==== DATASET RECORDS ====

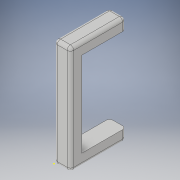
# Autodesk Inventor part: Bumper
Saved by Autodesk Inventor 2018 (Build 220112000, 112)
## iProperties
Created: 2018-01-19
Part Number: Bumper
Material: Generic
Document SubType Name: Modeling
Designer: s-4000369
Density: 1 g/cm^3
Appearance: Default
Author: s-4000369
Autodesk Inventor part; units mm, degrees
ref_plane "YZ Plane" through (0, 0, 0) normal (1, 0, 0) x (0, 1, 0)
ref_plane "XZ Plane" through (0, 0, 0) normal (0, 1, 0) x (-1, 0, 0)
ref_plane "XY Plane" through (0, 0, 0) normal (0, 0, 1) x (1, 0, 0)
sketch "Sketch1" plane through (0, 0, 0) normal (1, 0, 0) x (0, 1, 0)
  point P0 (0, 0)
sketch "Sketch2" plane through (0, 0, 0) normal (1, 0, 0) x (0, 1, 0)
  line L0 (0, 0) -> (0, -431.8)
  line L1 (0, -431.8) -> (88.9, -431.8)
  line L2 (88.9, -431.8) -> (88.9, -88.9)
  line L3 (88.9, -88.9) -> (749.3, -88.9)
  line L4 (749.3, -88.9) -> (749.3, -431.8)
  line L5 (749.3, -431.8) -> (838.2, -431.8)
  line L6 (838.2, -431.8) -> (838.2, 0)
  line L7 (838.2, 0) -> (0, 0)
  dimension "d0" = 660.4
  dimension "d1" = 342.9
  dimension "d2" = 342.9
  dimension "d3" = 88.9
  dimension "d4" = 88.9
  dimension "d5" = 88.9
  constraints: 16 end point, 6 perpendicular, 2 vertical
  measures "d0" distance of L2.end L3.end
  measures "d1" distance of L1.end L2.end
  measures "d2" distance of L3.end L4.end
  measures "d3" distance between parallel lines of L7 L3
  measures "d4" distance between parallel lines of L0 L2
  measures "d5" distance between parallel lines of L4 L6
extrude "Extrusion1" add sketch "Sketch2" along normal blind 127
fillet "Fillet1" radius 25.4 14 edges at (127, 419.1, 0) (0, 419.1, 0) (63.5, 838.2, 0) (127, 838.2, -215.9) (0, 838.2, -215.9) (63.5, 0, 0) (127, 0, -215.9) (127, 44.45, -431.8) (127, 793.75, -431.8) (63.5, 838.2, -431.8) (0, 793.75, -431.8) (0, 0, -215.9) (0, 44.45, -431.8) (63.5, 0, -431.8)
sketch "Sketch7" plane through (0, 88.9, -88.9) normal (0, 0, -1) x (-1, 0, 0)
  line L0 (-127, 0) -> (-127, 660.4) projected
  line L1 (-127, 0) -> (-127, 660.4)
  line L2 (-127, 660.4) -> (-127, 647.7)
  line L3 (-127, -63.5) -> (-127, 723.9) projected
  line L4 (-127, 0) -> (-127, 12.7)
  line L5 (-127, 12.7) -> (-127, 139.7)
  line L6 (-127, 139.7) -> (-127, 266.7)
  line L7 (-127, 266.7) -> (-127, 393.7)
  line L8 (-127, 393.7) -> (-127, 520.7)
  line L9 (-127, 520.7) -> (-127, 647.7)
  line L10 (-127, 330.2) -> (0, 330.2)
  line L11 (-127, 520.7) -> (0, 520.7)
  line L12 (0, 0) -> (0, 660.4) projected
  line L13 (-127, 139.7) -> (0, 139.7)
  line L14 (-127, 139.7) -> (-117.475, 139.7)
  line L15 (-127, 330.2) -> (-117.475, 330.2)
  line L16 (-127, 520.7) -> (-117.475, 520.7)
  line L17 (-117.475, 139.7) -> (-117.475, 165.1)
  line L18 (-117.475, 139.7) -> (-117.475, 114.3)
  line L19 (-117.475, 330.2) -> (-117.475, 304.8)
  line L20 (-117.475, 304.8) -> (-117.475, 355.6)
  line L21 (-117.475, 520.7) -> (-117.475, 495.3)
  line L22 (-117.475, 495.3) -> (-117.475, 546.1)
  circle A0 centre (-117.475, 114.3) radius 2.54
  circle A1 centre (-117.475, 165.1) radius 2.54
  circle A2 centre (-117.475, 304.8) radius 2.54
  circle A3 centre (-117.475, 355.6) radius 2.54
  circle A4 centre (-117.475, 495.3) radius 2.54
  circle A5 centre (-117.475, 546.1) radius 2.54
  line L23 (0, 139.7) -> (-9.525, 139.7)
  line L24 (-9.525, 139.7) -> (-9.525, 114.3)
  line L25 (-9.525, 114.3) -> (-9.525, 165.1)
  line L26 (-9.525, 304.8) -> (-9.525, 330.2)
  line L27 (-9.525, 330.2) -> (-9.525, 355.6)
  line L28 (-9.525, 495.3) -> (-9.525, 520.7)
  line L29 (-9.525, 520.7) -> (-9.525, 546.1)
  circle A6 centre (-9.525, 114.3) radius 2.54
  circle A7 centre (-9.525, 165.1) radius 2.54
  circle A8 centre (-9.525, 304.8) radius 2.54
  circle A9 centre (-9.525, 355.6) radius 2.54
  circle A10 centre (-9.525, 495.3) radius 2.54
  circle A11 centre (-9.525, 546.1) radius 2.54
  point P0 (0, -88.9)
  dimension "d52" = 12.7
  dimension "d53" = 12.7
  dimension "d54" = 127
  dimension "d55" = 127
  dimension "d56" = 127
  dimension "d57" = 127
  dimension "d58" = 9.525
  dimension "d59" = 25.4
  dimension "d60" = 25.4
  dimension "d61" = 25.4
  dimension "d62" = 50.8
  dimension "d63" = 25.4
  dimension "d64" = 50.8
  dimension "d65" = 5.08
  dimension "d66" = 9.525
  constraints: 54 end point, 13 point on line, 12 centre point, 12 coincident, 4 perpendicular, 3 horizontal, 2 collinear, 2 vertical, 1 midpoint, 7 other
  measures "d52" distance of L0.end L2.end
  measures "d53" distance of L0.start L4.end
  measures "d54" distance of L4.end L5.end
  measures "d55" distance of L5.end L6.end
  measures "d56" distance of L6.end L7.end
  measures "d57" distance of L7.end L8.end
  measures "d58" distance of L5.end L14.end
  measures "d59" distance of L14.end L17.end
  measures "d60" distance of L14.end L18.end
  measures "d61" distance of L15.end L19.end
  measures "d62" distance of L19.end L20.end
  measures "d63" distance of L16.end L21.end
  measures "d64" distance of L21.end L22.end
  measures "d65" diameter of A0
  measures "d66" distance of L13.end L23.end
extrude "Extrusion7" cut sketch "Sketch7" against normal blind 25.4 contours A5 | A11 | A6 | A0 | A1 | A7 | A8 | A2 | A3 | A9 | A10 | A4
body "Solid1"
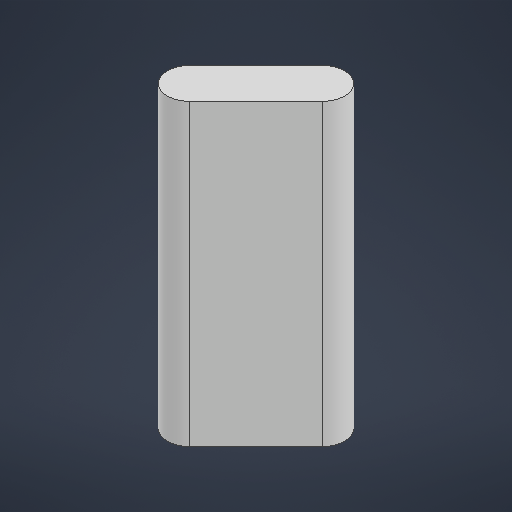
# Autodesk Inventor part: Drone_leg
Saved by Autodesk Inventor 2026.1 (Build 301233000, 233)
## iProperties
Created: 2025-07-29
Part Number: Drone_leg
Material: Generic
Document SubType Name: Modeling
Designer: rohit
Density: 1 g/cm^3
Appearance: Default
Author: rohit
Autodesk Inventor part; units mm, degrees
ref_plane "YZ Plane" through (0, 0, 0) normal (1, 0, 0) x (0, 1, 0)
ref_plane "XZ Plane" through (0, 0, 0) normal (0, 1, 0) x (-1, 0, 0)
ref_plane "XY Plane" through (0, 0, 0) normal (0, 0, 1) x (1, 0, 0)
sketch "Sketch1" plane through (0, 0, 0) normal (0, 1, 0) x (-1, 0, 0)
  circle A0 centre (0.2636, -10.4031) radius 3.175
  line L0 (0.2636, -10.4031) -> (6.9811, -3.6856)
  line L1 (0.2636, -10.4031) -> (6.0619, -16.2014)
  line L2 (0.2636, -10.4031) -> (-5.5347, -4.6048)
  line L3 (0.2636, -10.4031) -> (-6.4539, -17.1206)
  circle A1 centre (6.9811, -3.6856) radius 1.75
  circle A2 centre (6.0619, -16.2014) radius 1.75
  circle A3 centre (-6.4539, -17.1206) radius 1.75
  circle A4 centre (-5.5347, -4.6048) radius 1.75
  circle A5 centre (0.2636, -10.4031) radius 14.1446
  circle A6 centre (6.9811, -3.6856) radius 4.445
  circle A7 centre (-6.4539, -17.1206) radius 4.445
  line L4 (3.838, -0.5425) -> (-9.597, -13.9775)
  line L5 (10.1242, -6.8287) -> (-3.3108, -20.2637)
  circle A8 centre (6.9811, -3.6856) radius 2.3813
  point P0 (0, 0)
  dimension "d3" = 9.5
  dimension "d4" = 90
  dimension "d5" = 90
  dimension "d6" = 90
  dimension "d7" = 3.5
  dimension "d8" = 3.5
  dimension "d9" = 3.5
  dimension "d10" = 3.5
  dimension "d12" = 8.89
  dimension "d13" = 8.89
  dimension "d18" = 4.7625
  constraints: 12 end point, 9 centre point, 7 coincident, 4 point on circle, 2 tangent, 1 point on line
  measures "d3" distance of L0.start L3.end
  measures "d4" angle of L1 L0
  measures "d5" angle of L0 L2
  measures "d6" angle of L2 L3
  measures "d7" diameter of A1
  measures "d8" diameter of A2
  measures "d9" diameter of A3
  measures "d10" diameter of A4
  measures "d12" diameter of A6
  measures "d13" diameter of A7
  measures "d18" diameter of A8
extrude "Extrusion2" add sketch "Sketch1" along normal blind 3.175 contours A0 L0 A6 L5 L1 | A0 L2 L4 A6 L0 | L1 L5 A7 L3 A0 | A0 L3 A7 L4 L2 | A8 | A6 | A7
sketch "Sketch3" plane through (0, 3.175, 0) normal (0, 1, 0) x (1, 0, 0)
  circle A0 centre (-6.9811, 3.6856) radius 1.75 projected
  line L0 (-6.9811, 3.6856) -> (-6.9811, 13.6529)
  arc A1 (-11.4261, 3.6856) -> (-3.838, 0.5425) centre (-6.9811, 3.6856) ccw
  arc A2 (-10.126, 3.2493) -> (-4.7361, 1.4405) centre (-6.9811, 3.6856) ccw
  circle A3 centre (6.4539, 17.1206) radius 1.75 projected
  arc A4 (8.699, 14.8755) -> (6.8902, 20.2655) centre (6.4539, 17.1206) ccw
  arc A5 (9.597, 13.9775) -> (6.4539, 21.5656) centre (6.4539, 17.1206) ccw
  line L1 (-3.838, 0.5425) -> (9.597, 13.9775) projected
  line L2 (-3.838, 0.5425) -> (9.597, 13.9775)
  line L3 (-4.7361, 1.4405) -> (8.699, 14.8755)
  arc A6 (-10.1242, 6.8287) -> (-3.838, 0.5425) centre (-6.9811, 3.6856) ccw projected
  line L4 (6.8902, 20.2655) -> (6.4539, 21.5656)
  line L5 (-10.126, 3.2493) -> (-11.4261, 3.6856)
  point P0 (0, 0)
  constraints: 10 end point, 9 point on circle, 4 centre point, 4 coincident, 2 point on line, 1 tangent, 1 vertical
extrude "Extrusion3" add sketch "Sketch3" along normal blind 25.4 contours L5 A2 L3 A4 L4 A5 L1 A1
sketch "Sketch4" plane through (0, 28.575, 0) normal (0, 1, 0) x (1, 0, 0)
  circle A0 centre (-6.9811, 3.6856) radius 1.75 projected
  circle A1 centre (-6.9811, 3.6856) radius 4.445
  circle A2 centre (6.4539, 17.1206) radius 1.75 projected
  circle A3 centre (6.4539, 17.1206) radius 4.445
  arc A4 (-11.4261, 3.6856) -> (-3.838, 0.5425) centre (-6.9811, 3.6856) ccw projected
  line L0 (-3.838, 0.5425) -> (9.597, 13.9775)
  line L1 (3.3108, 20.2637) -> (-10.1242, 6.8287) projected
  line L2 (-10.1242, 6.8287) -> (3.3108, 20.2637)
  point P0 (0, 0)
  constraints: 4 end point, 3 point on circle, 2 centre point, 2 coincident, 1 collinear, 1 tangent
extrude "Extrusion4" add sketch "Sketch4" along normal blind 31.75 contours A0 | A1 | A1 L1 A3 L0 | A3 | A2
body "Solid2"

====

EXERCISE
Answer with the number alone: how many lines in the records include the word "diameter"?

TASK OUTPUT
8